### What you should do
From the entries, copy out every line in which the word "linetypes" is found.

[[ Information provided open ]]

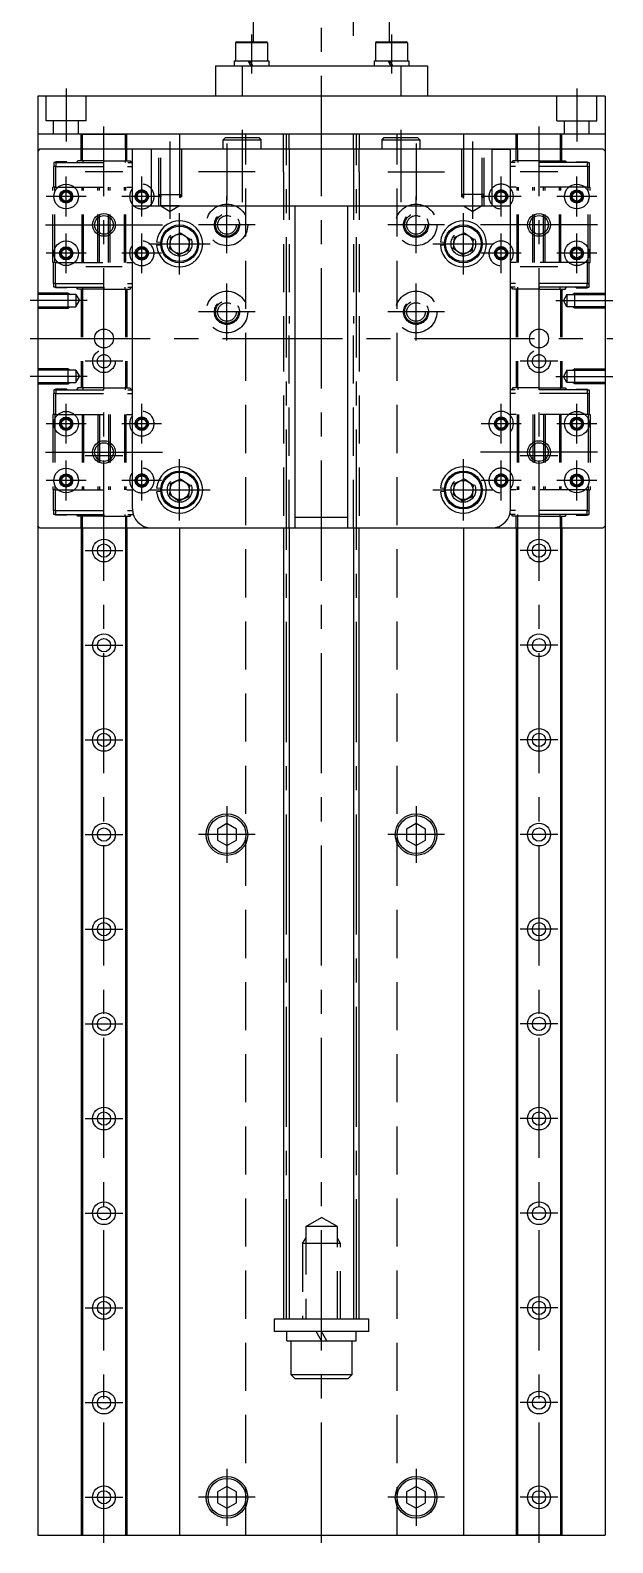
# Model space of a CAD drawing. Extents: x -53 to 495, y -30 to 683.
# Drawn here: x 340.7 to 494.7, y -2 to 397.4 of the extents above; entities that cross this region are included whole.
import ezdxf

# ---------------------------------------------------------------- set-up
doc = ezdxf.new("R2010")
doc.units = 0
doc.linetypes.add('CENTER', pattern=[50.8, 31.75, -6.35, 6.35, -6.35])
doc.linetypes.add('DASHED', pattern=[19.05, 12.7, -6.35])
doc.layers.get('0').update_dxf_attribs({"linetype": 'CONTINUOUS'})
doc.layers.add('CENTER', color=1, linetype='CENTER')

msp = doc.modelspace()

# ---------------------------------------------------------------- linework, layer by layer
at = {"color": 7, "linetype": 'CONTINUOUS'}
for p, q in [((399.7, 394.3), (399.7, 412.4)), ((435.65, 394.3), (435.65, 412.4)), ((403.42, 394.05), (394.92, 394.05)), ((394.92, 394.05), (394.92, 389.3)), ((395.17, 394.3), (403.17, 394.3)), ((403.42, 394.05), (403.42, 389.3)), ((440.42, 394.05), (431.92, 394.05)), ((431.92, 394.05), (431.92, 389.3)), ((432.17, 394.3), (440.17, 394.3)), ((440.42, 394.05), (440.42, 389.3)), ((389.67, 388), (389.67, 380)), ((389.67, 388), (396.66, 388)), ((394.57, 389.3), (403.77, 389.3)), ((394.57, 389.3), (394.57, 388)), ((396.66, 388), (396.66, 380)), ((396.66, 388), (438.69, 388)), ((399.02, 388), (398.27, 389.3)), ((399.51, 388), (398.76, 389.3)), ((403.77, 389.3), (403.77, 388)), ((431.57, 389.3), (440.77, 389.3)), ((431.57, 389.3), (431.57, 388)), ((436.02, 388), (435.27, 389.3)), ((436.51, 388), (435.76, 389.3)), ((438.69, 380), (438.69, 388)), ((438.69, 388), (445.67, 388)), ((440.77, 389.3), (440.77, 388)), ((445.67, 388), (445.67, 380)), ((492.67, 380), (342.67, 380)), ((342.67, 380), (342.67, 0)), ((445.67, 380), (389.67, 380)), ((492.67, 380), (492.67, 0)), ((492.67, 370), (342.67, 370)), ((354.17, 370), (366.17, 370)), ((354.17, 366), (354.17, 370)), ((354.47, 366), (354.47, 370)), ((365.87, 366), (365.87, 370)), ((366.17, 366), (366.17, 370)), ((380.17, 370), (380.17, 366)), ((391.67, 368.5), (392.27, 369.1)), ((391.67, 368.5), (401.67, 368.5)), ((391.67, 366), (391.67, 368.5)), ((392.27, 369.1), (401.07, 369.1)), ((401.07, 369.1), (401.67, 368.5)), ((401.67, 368.5), (401.67, 366)), ((407.67, 366), (407.67, 370)), ((409.17, 366), (409.17, 370)), ((426.17, 366), (426.17, 370)), ((427.67, 370), (427.67, 366)), ((433.67, 368.5), (434.27, 369.1)), ((433.67, 368.5), (443.67, 368.5)), ((433.67, 366), (433.67, 368.5)), ((434.27, 369.1), (443.07, 369.1)), ((443.07, 369.1), (443.67, 368.5)), ((443.67, 368.5), (443.67, 366)), ((455.17, 370), (455.17, 366)), ((481.17, 370), (469.17, 370)), ((469.17, 366), (469.17, 370)), ((469.47, 366), (469.47, 370)), ((480.87, 366), (480.87, 370)), ((481.17, 366), (481.17, 370)), ((343.17, 366), (342.67, 365.5)), ((343.17, 366), (342.67, 365.5)), ((342.67, 365.5), (342.67, 266.5)), ((342.67, 365.5), (342.67, 266.5)), ((492.17, 366), (343.17, 366)), ((367.67, 271), (367.67, 366)), ((372.67, 366), (367.67, 366)), ((372.67, 366), (372.67, 351)), ((462.67, 366), (467.67, 366)), ((462.67, 366), (462.67, 351)), ((467.67, 271), (467.67, 366)), ((492.17, 366), (492.67, 365.5)), ((492.17, 366), (492.67, 365.5)), ((492.67, 365.5), (492.67, 266.5)), ((492.67, 365.5), (492.67, 266.5)), ((367.67, 351), (467.67, 351)), ((410.67, 266), (410.67, 351)), ((424.67, 266), (424.67, 351)), ((377.77, 342.69), (380.44, 343.92)), ((380.44, 343.92), (382.84, 342.23)), ((452.77, 342.69), (455.44, 343.92)), ((455.44, 343.92), (457.84, 342.23)), ((375.19, 341.39), (374.09, 341.48)), ((375.19, 340.61), (374.09, 340.52)), ((377.77, 342.69), (377.51, 339.77)), ((379.91, 338.08), (377.51, 339.77)), ((382.57, 339.31), (382.84, 342.23)), ((450.19, 341.39), (449.09, 341.48)), ((450.19, 340.61), (449.09, 340.52)), ((452.77, 342.69), (452.51, 339.77)), ((454.91, 338.08), (452.51, 339.77)), ((457.57, 339.31), (457.84, 342.23)), ((379.91, 338.08), (382.57, 339.31)), ((454.91, 338.08), (457.57, 339.31)), ((375.19, 276.39), (374.09, 276.48)), ((375.19, 275.61), (374.09, 275.52)), ((377.77, 277.69), (377.51, 274.77)), ((377.77, 277.69), (380.44, 278.92)), ((380.44, 278.92), (382.84, 277.23)), ((382.57, 274.31), (382.84, 277.23)), ((450.19, 276.39), (449.09, 276.48)), ((450.19, 275.61), (449.09, 275.52)), ((452.77, 277.69), (452.51, 274.77)), ((452.77, 277.69), (455.44, 278.92)), ((455.44, 278.92), (457.84, 277.23)), ((457.57, 274.31), (457.84, 277.23)), ((379.91, 273.08), (377.51, 274.77)), ((379.91, 273.08), (382.57, 274.31)), ((454.91, 273.08), (452.51, 274.77)), ((454.91, 273.08), (457.57, 274.31)), ((410.67, 268.86), (424.67, 268.86)), ((343.17, 266), (342.67, 266.5)), ((343.17, 266), (342.67, 266.5)), ((343.17, 266), (492.17, 266)), ((343.17, 266), (492.17, 266)), ((354.17, 266), (354.17, 0)), ((354.47, 266), (354.47, 0)), ((365.87, 266), (365.87, 0)), ((366.17, 266), (366.17, 0)), ((372.67, 266), (410.67, 266)), ((380.17, 266), (380.17, 0)), ((406.67, 266), (428.67, 266)), ((407.67, 266), (407.67, 57)), ((409.17, 266), (409.17, 57)), ((410.67, 266), (424.67, 266)), ((424.67, 266), (462.67, 266)), ((426.17, 266), (426.17, 57)), ((427.67, 57), (427.67, 266)), ((455.17, 266), (455.17, 0)), ((469.17, 266), (469.17, 0)), ((469.47, 266), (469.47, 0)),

[[ Information provided closed ]]

### Solved exercise
doc.linetypes.add('CENTER', pattern=[50.8, 31.75, -6.35, 6.35, -6.35])
doc.linetypes.add('DASHED', pattern=[19.05, 12.7, -6.35])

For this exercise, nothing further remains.